Air Force Lt. Col. Colman, the onsite commander, stated, “The investigation will be conducted by the German air force, not the USAF. The Germans are flying in a special crash investigation team and should be on the ground soon.” The colonel also noted, “The Germans made this mess and will have to pay the bill to clean it up. We want to do everything possible to ensure that the crash site is decontaminated. The titanium in the planes burned so hot that there is not much left to clean up. This crash doesn’t present much of an environmental hazard, but if a stealth fighter crashes, the hazard is severe.”
Remains of the burned Tornado aircraft approximately one mile from the Kincaid Ranch. |
All four German aviators parachuted from the burning aircraft and were treated and released in Carlsbad, but have refused to comment on the disaster. The cause of the mid-air crash has not been determined.

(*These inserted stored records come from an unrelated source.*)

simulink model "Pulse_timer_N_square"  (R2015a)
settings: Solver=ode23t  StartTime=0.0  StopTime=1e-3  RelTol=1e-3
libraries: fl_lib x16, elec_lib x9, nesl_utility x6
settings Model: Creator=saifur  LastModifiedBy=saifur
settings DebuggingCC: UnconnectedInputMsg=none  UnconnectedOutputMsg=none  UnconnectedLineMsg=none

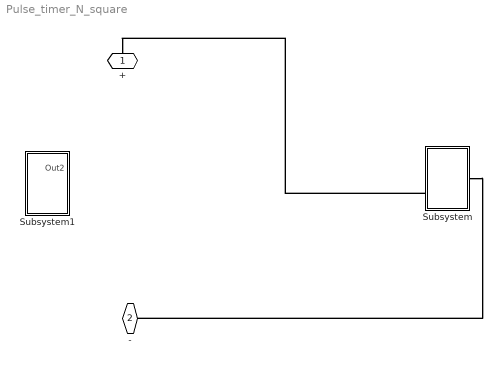
== system Pulse_timer_N_square ==
  Subsystem : Subsystem
  Subsystem1 : Subsystem
  + : PMIOPort  Port=1  Side=Left
  - : PMIOPort  Port=2  Side=Right
  connections:
  +/RConn1 -- ?
  -/RConn1 -- ?

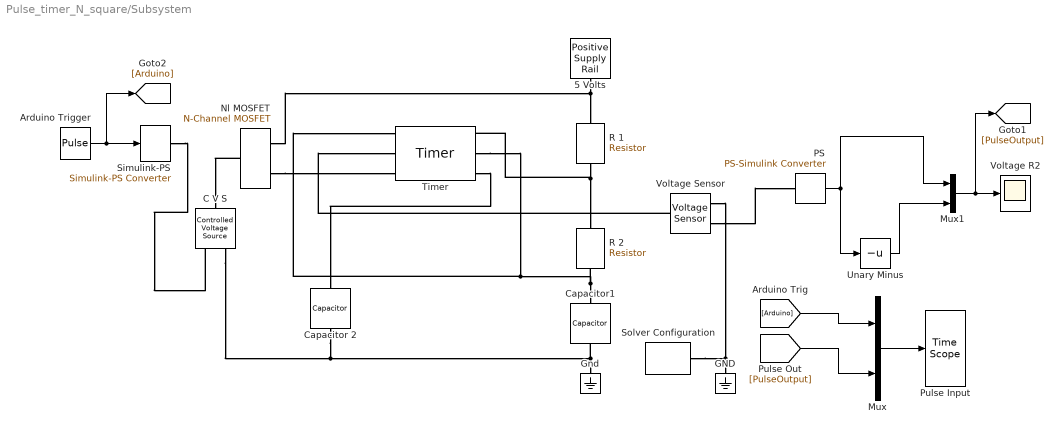
== system Pulse_timer_N_square/Subsystem ==
  5 Volts : elec_lib/Sources/Positive Supply Rail  v0=5 V
  Arduino Trigger : DiscretePulseGenerator  PulseType=Time based  Amplitude=5  Period=0.0001  PulseWidth=50
  C V S : fl_lib/Electrical/Electrical Sources/Controlled Voltage Source
  Capacitor 2 : fl_lib/Electrical/Electrical Elements/Capacitor  c=0.01 uF  r=1e-6 Ohm  g=0 1/Ohm  i_specify=off  i_priority=High  i=0 A  v_specify=off  v_priority=High  v=0 V  vc_specify=off  vc_priority=High  vc=0 V
  Capacitor1 : fl_lib/Electrical/Electrical Elements/Capacitor  c=0.47 nF  r=1e-6 Ohm  g=0 1/Ohm  i_specify=off  i_priority=High  i=0 A  v_specify=off  v_priority=High  v=0 V  vc_specify=off  vc_priority=High  vc=0 V
  GND : fl_lib/Electrical/Electrical Elements/Electrical Reference
  Gnd : fl_lib/Electrical/Electrical Elements/Electrical Reference
  Mux : Mux  Inputs=2
  Mux1 : Mux  Inputs=2
  Nl MOSFET : elec_lib/Semiconductor Devices/N-Channel MOSFET  parameterization=1  prmDatasheet=1  prmEquCoeff=1  Beta=5 A/V^2  Rds=0.025 Ohm  Id=6 A  Vgs=10 V  Vth=1.7 V  lam=0 1/V  Tmeas=25 C  RS=1e-4 Ohm  RD=0.01 Ohm  C_param=1  C_GS=270 pF  C_GD=80 pF  C_iss=350 pF  C_rss=80 pF  C_oss=0 pF  C_GS_vec=[ 270 300 290 280 295 255 ] pF  C_GD_vec=[ 450 400 300 190 95 55 ] pF  C_iss_vec=[ 720 700 590 470 390 310 ] pF  C_rss_vec=[ 450 400 300 190 95 55 ] pF  C_oss_vec=[ 900 810 690 420 270 170 ] pF  C_Vds_vec=[ 0.1 0.3 1 3 10 30 ] V  charge_linearity_param=1  C_OX=200 pF  V_C_OX=-0.5 V  dVth_dT=-6 mV/K  Rds_T2=0.037 Ohm  Tmeas2=125 C  BEXDatasheet=-1.5  BEXEquCoeff=-1.5  TdeviceDatasheet=25 C  TdeviceEquCoeff=25 C  Rth=[ 0 10 ] K/W  thermal_mass_parameterization=1  thermal_mass=[ 0 1 ] J/K  thermal_time_constant=[ 0 10 ] s  thermal_mass_initial_temperatures=[ 25 25 ] C
  PS : nesl_utility/PS-Simulink Converter  PhysicalDomain=network_engine_domain  SubClassName=ps_output  LeftPortType=input  RightPortType=output  PseudoPeriodic=off  Frequencies=[]  Unit=1  AffineConversion=off
  Pulse Input : TimeScope
  R 1 : elec_lib/Passive Devices/Resistor  R=1 kOhm  noise_mode=0  Tdevice=25 C  sample_time=0.001 s  repeatability=1  auto_seed=545404223  user_seed=0
  R 2 : elec_lib/Passive Devices/Resistor  R=3.5 kOhm  noise_mode=0  Tdevice=25 C  sample_time=0.001 s  repeatability=1  auto_seed=2715962282  user_seed=0
  "Simulink-PS " : nesl_utility/Simulink-PS Converter  PhysicalDomain=network_engine_domain  SubClassName=ps_input  LeftPortType=input  RightPortType=output  PseudoPeriodic=off  Frequencies=[]  NoiseDistribution=none  NoiseParameters=[]  Unit=V  AffineConversion=off  InputFiltering=off  SimscapeFilterOrder=1  InputFilterTimeConstant=0.001  UdotUserProvided=1
  Solver Configuration : nesl_utility/Solver Configuration  PhysicalDomain=network_engine_domain  SubClassName=solver  LeftPortType=input  RightPortType=generic  Accelerate=off  Tones=[]  Harmonics=[]  SimulateNoise=off  Profile=off  UseLocalSampling=off  EnableSwitchedLinearOptims=on  FrequencyDomain=off  UseCCode=off  RelTol=0.001  AbsTol=1e-06  MinStep=1e-09  ToWorkspace=off  RevertToSquareIcSolve=off  NumHomotopyIterations=100  DoDC=off  ResidualTolerance=1e-09  UseLocalSolver=off  LocalSolverChoice=NE_TRAPEZOIDAL_ADVANCER  LocalSolverSampleTime=0.001  DoFixedCost=off  MaxNonlinIter=3  MaxModeIter=2  LinearAlgebra=Full  DelaysMemoryBudget=1024  AutomaticFiltering=on  FilteringTimeConstant=0.001
  Timer : elec_lib/Integrated Circuits/Timer  V_CC=5 V  V_OL=0 V  V_OH=5 V  R_OUT=8 Ohm  Delay=1e-7 s  R_DIV=5 kOhm  R_closed=12 Ohm  R_open=5e+8 Ohm
  Unary Minus : UnaryMinus
  Voltage R2 : Scope
      settings: YMin=-5.5  YMax=5.5  SaveName=ScopeData3  Decimation=2
  Voltage Sensor : fl_lib/Electrical/Electrical Sensors/Voltage Sensor
  wires:
  PS/1 -> Unary Minus/1, Mux1/1
  Unary Minus/1 -> Mux1/2
  Arduino Trigger/1 -> "Simulink-PS "/1, [Arduino]
  [Arduino] -> Mux/1
  [PulseOutput] -> Mux/2
  Mux/1 -> Pulse Input/1
  Mux1/1 -> [PulseOutput], Voltage R2/1
  connections:
  R 1/RConn1 -- Timer/RConn1 -- R 2/LConn1
  Timer/RConn3 -- Capacitor 2/LConn1
  Capacitor 2/RConn1 -- Gnd/LConn1 -- Capacitor1/RConn1 -- C V S/RConn2
  5 Volts/RConn1 -- Nl MOSFET/RConn1 -- R 1/LConn1
  Timer/RConn2 -- R 2/RConn1 -- Capacitor1/LConn1 -- Timer/LConn1
  Voltage Sensor/RConn1 -- PS/LConn1
  Voltage Sensor/LConn1 -- Timer/LConn2
  Voltage Sensor/RConn2 -- Solver Configuration/RConn1 -- GND/LConn1
  Nl MOSFET/RConn2 -- Timer/LConn3
  Nl MOSFET/LConn1 -- C V S/LConn1
  "Simulink-PS "/RConn1 -- C V S/RConn1

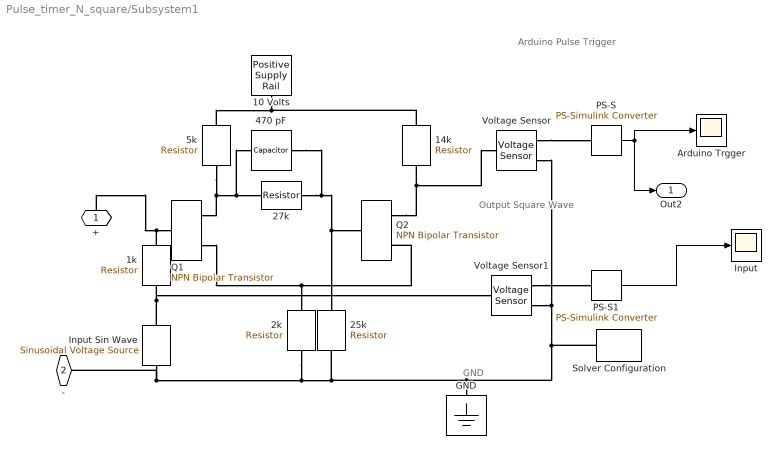
== system Pulse_timer_N_square/Subsystem1 ==
  note: Output Square Wave
  note: GND
  note: Arduino Pulse Trigger
  10 Volts : elec_lib/Sources/Positive Supply Rail  v0=10 V
  14k : fl_lib/Electrical/Electrical Elements/Resistor  R=14 kOhm  i_specify=off  i_priority=High  i=0 A  v_specify=off  v_priority=High  v=0 V
  1k : fl_lib/Electrical/Electrical Elements/Resistor  R=1 kOhm  i_specify=off  i_priority=High  i=0 A  v_specify=off  v_priority=High  v=0 V
  25k : fl_lib/Electrical/Electrical Elements/Resistor  R=25 kOhm  i_specify=off  i_priority=High  i=0 A  v_specify=off  v_priority=High  v=0 V
  27k : fl_lib/Electrical/Electrical Elements/Resistor  R=27 kOhm  i_specify=off  i_priority=High  i=0 A  v_specify=off  v_priority=High  v=0 V
  2k : fl_lib/Electrical/Electrical Elements/Resistor  R=2 kOhm  i_specify=off  i_priority=High  i=0 A  v_specify=off  v_priority=High  v=0 V
  470 pF : fl_lib/Electrical/Electrical Elements/Capacitor  c=470 pF  r=1e-06 Ohm  g=0 1/Ohm  i_specify=off  i_priority=High  i=0 A  v_specify=off  v_priority=High  v=0 V  vc_specify=on  vc_priority=High  vc=0 V
  5k : fl_lib/Electrical/Electrical Elements/Resistor  R=5 kOhm  i_specify=off  i_priority=High  i=0 A  v_specify=off  v_priority=High  v=0 V
  Arduino Trgger : Scope
      settings: TimeRange=0.1  YMin=0  YMax=15
  GND : fl_lib/Electrical/Electrical Elements/Electrical Reference
  Input : Scope
      settings: TimeRange=0.1
  Input Sin Wave : elec_lib/Additional Components/SPICE-Compatible Components/Sources/Sinusoidal Voltage Source  VO=0 V  VA=5 V  FREQ=50 Hz  TD=0 s  DF=0 1/s  OMEGA=0 rad/s
  PS-S : nesl_utility/PS-Simulink Converter  PhysicalDomain=network_engine_domain  SubClassName=ps_output  LeftPortType=input  RightPortType=output  PseudoPeriodic=off  Frequencies=[]  Unit=1  AffineConversion=off
  PS-S1 : nesl_utility/PS-Simulink Converter  PhysicalDomain=network_engine_domain  SubClassName=ps_output  LeftPortType=input  RightPortType=output  PseudoPeriodic=off  Frequencies=[]  Unit=1  AffineConversion=off
  Q1 : elec_lib/Semiconductor Devices/NPN Bipolar Transistor  parameterization=1  prmDatasheet=1  prmEquCoeff=1  BF=100  IS=1e-14 A  ec=1  VAF=200 V  hfe=100  hoe=5e-05 1/Ohm  Ic_h=1 mA  Vce_h=5 V  V1=0.55 V  I1=0.5 mA  BR=1  Tmeas=25 C  RC=0.1 Ohm  RE=0.1 Ohm  RB=0.1 Ohm  C_BC=5 pF  C_BE=5 pF  TF=0 us  TR=0 us  hfe_T2=125  XTB=0  V1_T2=0.45 V  I1_T2=0.5 mA  Tmeas2=125 C  EG=1.11 eV  XTI=3  TdeviceDatasheet=25 C  TdeviceEquCoeff=25 C  Rth=[ 0 10 ] K/W  thermal_mass_parameterization=1  thermal_mass=[ 0 1 ] J/K  thermal_time_constant=[ 0 10 ] s  thermal_mass_initial_temperatures=[ 25 25 ] C
  Q2 : elec_lib/Semiconductor Devices/NPN Bipolar Transistor  parameterization=1  prmDatasheet=1  prmEquCoeff=1  BF=100  IS=1e-14 A  ec=1  VAF=200 V  hfe=100  hoe=5e-05 1/Ohm  Ic_h=1 mA  Vce_h=5 V  V1=0.55 V  I1=0.5 mA  BR=1  Tmeas=25 C  RC=0.1 Ohm  RE=0.1 Ohm  RB=0.1 Ohm  C_BC=5 pF  C_BE=5 pF  TF=0 us  TR=0 us  hfe_T2=125  XTB=0  V1_T2=0.45 V  I1_T2=0.5 mA  Tmeas2=125 C  EG=1.11 eV  XTI=3  TdeviceDatasheet=25 C  TdeviceEquCoeff=25 C  Rth=[ 0 10 ] K/W  thermal_mass_parameterization=1  thermal_mass=[ 0 1 ] J/K  thermal_time_constant=[ 0 10 ] s  thermal_mass_initial_temperatures=[ 25 25 ] C
  Solver Configuration : nesl_utility/Solver Configuration  PhysicalDomain=network_engine_domain  SubClassName=solver  LeftPortType=input  RightPortType=generic  Accelerate=off  Tones=[]  Harmonics=[]  SimulateNoise=off  Profile=off  UseLocalSampling=off  EnableSwitchedLinearOptims=on  FrequencyDomain=off  UseCCode=off  RelTol=0.001  AbsTol=1e-06  MinStep=1e-09  ToWorkspace=off  RevertToSquareIcSolve=off  NumHomotopyIterations=100  DoDC=off  ResidualTolerance=1e-9  UseLocalSolver=off  LocalSolverChoice=NE_BACKWARD_EULER_ADVANCER  LocalSolverSampleTime=0.001  DoFixedCost=off  MaxNonlinIter=12  MaxModeIter=2  LinearAlgebra=Sparse  DelaysMemoryBudget=1024  AutomaticFiltering=on  FilteringTimeConstant=0.001
  Voltage Sensor : fl_lib/Electrical/Electrical Sensors/Voltage Sensor
  Voltage Sensor1 : fl_lib/Electrical/Electrical Sensors/Voltage Sensor
  + : PMIOPort  Port=1  Side=Left
  - : PMIOPort  Port=2  Side=Right
  Out2 : Outport
  wires:
  PS-S1/1 -> Input/1
  PS-S/1 -> Out2/1, Arduino Trgger/1
  connections:
  5k/RConn1 -- Q1/RConn1 -- 27k/RConn1 -- 470 pF/LConn1
  Q1/RConn2 -- Q2/RConn2 -- 2k/LConn1
  Input Sin Wave/LConn1 -- 1k/RConn1 -- Voltage Sensor1/LConn1
  Voltage Sensor/RConn1 -- PS-S/LConn1
  Q1/LConn1 -- 1k/LConn1 -- +/RConn1
  Q2/RConn1 -- 14k/RConn1 -- Voltage Sensor/LConn1
  14k/LConn1 -- 10 Volts/RConn1 -- 5k/LConn1
  27k/LConn1 -- Q2/LConn1 -- 25k/LConn1 -- 470 pF/RConn1
  Voltage Sensor1/RConn1 -- PS-S1/LConn1
  2k/RConn1 -- Voltage Sensor/RConn2 -- Voltage Sensor1/RConn2 -- Solver Configuration/RConn1 -- GND/LConn1 -- 25k/RConn1 -- Input Sin Wave/RConn1 -- -/RConn1

Colman commented that it was almost a head-on crash that ripped the wings from the planes, but an oilfield environmental clean-up contractor stated that he saw the jets “playing side-by-side” before the mid-air wreck occurred. Oilfield worker Russell McKibben said, “I heard an explosion and thought, what the hell is happening? I turned and saw smoke coming out of the wings of one plane and they were both spiraling down.”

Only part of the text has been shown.